_DATA FOR PROCESSING_:

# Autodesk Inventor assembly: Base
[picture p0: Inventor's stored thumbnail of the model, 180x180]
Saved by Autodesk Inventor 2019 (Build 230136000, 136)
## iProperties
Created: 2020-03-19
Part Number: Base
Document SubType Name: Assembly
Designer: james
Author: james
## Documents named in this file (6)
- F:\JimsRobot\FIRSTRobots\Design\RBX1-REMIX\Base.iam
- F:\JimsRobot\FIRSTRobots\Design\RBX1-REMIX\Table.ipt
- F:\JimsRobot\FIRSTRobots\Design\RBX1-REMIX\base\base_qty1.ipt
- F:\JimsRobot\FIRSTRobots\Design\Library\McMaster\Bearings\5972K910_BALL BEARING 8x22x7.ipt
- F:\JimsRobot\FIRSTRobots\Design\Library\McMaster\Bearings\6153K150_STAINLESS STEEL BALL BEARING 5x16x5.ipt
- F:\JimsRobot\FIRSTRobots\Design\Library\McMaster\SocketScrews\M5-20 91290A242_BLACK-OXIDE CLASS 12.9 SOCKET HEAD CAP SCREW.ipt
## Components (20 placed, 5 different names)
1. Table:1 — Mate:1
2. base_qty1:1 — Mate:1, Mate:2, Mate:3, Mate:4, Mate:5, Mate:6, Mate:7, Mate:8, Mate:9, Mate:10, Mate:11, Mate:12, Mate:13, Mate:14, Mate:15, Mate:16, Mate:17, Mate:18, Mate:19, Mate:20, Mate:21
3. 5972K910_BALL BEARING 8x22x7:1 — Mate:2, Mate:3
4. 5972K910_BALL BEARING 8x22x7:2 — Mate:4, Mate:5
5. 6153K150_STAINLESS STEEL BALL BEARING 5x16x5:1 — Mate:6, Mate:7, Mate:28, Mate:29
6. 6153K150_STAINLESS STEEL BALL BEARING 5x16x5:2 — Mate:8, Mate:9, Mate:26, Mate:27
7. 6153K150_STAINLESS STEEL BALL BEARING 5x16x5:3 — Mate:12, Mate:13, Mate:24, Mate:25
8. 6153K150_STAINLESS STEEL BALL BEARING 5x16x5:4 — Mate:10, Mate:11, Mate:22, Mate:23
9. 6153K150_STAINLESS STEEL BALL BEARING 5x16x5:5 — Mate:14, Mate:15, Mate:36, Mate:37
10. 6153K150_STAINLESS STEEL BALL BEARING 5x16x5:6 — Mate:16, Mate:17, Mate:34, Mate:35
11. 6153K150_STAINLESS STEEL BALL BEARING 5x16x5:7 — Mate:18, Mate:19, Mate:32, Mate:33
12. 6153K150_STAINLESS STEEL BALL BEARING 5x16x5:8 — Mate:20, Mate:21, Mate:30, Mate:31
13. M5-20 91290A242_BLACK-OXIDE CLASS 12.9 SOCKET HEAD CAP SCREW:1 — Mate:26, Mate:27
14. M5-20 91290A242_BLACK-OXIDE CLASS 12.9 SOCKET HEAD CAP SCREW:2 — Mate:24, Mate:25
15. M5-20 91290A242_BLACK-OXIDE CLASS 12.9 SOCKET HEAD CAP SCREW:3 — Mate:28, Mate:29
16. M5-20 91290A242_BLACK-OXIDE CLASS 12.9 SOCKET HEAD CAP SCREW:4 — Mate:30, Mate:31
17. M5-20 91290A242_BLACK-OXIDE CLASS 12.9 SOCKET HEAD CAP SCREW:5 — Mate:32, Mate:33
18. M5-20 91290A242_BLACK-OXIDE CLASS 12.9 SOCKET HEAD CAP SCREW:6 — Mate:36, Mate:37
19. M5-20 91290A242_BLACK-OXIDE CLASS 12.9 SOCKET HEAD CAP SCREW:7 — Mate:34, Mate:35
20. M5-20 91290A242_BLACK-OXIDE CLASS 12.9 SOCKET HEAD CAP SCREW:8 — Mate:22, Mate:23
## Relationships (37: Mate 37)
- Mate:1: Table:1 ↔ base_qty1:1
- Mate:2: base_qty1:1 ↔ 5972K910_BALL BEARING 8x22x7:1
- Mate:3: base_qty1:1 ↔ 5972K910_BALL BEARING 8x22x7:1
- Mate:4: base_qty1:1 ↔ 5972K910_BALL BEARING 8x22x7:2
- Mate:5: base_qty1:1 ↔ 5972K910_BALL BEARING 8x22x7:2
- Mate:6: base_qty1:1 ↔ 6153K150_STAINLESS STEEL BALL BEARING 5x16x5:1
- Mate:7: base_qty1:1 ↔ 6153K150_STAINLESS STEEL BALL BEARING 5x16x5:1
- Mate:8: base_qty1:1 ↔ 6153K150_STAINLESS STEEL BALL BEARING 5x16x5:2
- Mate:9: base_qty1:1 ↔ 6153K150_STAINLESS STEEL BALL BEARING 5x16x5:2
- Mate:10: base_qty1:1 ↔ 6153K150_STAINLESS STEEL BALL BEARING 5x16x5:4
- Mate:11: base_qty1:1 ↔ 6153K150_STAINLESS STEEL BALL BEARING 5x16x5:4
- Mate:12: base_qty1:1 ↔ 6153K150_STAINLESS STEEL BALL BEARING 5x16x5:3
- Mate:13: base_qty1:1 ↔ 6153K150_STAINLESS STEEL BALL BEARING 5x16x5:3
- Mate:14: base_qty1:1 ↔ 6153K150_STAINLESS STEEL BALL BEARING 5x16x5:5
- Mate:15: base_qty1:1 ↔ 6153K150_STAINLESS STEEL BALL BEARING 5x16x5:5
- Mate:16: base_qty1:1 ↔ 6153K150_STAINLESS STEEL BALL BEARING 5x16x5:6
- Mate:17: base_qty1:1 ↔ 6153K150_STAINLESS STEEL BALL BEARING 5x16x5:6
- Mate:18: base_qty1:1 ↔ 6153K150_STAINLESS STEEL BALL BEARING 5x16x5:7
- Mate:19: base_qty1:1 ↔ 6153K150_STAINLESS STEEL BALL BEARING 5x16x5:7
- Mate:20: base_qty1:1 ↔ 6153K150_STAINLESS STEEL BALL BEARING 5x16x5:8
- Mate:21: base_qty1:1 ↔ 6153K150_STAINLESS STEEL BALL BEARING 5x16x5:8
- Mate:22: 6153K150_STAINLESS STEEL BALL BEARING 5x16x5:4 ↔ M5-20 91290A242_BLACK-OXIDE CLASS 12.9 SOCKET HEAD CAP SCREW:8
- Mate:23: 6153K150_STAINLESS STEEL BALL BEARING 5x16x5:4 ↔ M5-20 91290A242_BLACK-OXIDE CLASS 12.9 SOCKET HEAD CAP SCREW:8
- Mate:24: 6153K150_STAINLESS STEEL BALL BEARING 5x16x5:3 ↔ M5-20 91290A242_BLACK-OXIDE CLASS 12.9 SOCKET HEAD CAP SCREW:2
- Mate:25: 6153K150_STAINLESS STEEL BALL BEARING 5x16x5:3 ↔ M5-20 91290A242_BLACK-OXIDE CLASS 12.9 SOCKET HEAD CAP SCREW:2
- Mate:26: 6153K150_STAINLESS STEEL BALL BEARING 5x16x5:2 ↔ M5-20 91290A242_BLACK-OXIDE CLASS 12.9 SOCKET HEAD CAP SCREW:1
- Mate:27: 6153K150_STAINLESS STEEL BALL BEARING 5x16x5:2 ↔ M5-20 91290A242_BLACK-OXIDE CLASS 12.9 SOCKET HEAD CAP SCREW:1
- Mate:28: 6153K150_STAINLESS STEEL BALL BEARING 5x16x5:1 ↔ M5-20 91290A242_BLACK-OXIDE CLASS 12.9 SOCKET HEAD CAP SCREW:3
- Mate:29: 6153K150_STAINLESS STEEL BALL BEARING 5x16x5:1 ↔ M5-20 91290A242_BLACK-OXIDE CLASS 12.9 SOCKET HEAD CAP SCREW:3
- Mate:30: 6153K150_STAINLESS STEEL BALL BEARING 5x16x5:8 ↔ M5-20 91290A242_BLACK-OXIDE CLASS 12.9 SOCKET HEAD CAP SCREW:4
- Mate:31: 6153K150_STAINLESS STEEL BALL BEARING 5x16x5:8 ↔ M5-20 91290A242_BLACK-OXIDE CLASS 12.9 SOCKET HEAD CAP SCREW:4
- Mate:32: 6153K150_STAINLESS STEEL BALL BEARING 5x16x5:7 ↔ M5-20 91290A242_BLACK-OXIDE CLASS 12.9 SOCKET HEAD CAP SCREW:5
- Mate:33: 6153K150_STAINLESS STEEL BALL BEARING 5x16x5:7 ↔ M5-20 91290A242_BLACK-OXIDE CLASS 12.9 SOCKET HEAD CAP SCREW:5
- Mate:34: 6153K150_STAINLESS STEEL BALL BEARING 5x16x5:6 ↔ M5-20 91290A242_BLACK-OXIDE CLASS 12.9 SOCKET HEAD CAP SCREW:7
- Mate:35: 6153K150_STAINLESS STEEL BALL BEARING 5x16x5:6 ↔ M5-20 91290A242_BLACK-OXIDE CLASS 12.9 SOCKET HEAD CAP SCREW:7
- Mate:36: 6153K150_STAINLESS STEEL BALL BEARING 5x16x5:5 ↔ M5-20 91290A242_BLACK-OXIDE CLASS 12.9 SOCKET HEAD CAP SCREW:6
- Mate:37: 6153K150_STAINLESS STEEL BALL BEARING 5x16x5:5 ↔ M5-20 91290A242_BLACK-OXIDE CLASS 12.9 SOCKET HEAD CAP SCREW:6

_WHAT IS REQUIRED_: Would you retype the lines above from the one with "3. 5972K910_BALL BEARING" down to the one with "18. M5-20 91290A242_BLACK-OXIDE", word for word, both ends included and no other lines?

_EXERCISE SOLUTION_:
3. 5972K910_BALL BEARING 8x22x7:1 — Mate:2, Mate:3
4. 5972K910_BALL BEARING 8x22x7:2 — Mate:4, Mate:5
5. 6153K150_STAINLESS STEEL BALL BEARING 5x16x5:1 — Mate:6, Mate:7, Mate:28, Mate:29
6. 6153K150_STAINLESS STEEL BALL BEARING 5x16x5:2 — Mate:8, Mate:9, Mate:26, Mate:27
7. 6153K150_STAINLESS STEEL BALL BEARING 5x16x5:3 — Mate:12, Mate:13, Mate:24, Mate:25
8. 6153K150_STAINLESS STEEL BALL BEARING 5x16x5:4 — Mate:10, Mate:11, Mate:22, Mate:23
9. 6153K150_STAINLESS STEEL BALL BEARING 5x16x5:5 — Mate:14, Mate:15, Mate:36, Mate:37
10. 6153K150_STAINLESS STEEL BALL BEARING 5x16x5:6 — Mate:16, Mate:17, Mate:34, Mate:35
11. 6153K150_STAINLESS STEEL BALL BEARING 5x16x5:7 — Mate:18, Mate:19, Mate:32, Mate:33
12. 6153K150_STAINLESS STEEL BALL BEARING 5x16x5:8 — Mate:20, Mate:21, Mate:30, Mate:31
13. M5-20 91290A242_BLACK-OXIDE CLASS 12.9 SOCKET HEAD CAP SCREW:1 — Mate:26, Mate:27
14. M5-20 91290A242_BLACK-OXIDE CLASS 12.9 SOCKET HEAD CAP SCREW:2 — Mate:24, Mate:25
15. M5-20 91290A242_BLACK-OXIDE CLASS 12.9 SOCKET HEAD CAP SCREW:3 — Mate:28, Mate:29
16. M5-20 91290A242_BLACK-OXIDE CLASS 12.9 SOCKET HEAD CAP SCREW:4 — Mate:30, Mate:31
17. M5-20 91290A242_BLACK-OXIDE CLASS 12.9 SOCKET HEAD CAP SCREW:5 — Mate:32, Mate:33
18. M5-20 91290A242_BLACK-OXIDE CLASS 12.9 SOCKET HEAD CAP SCREW:6 — Mate:36, Mate:37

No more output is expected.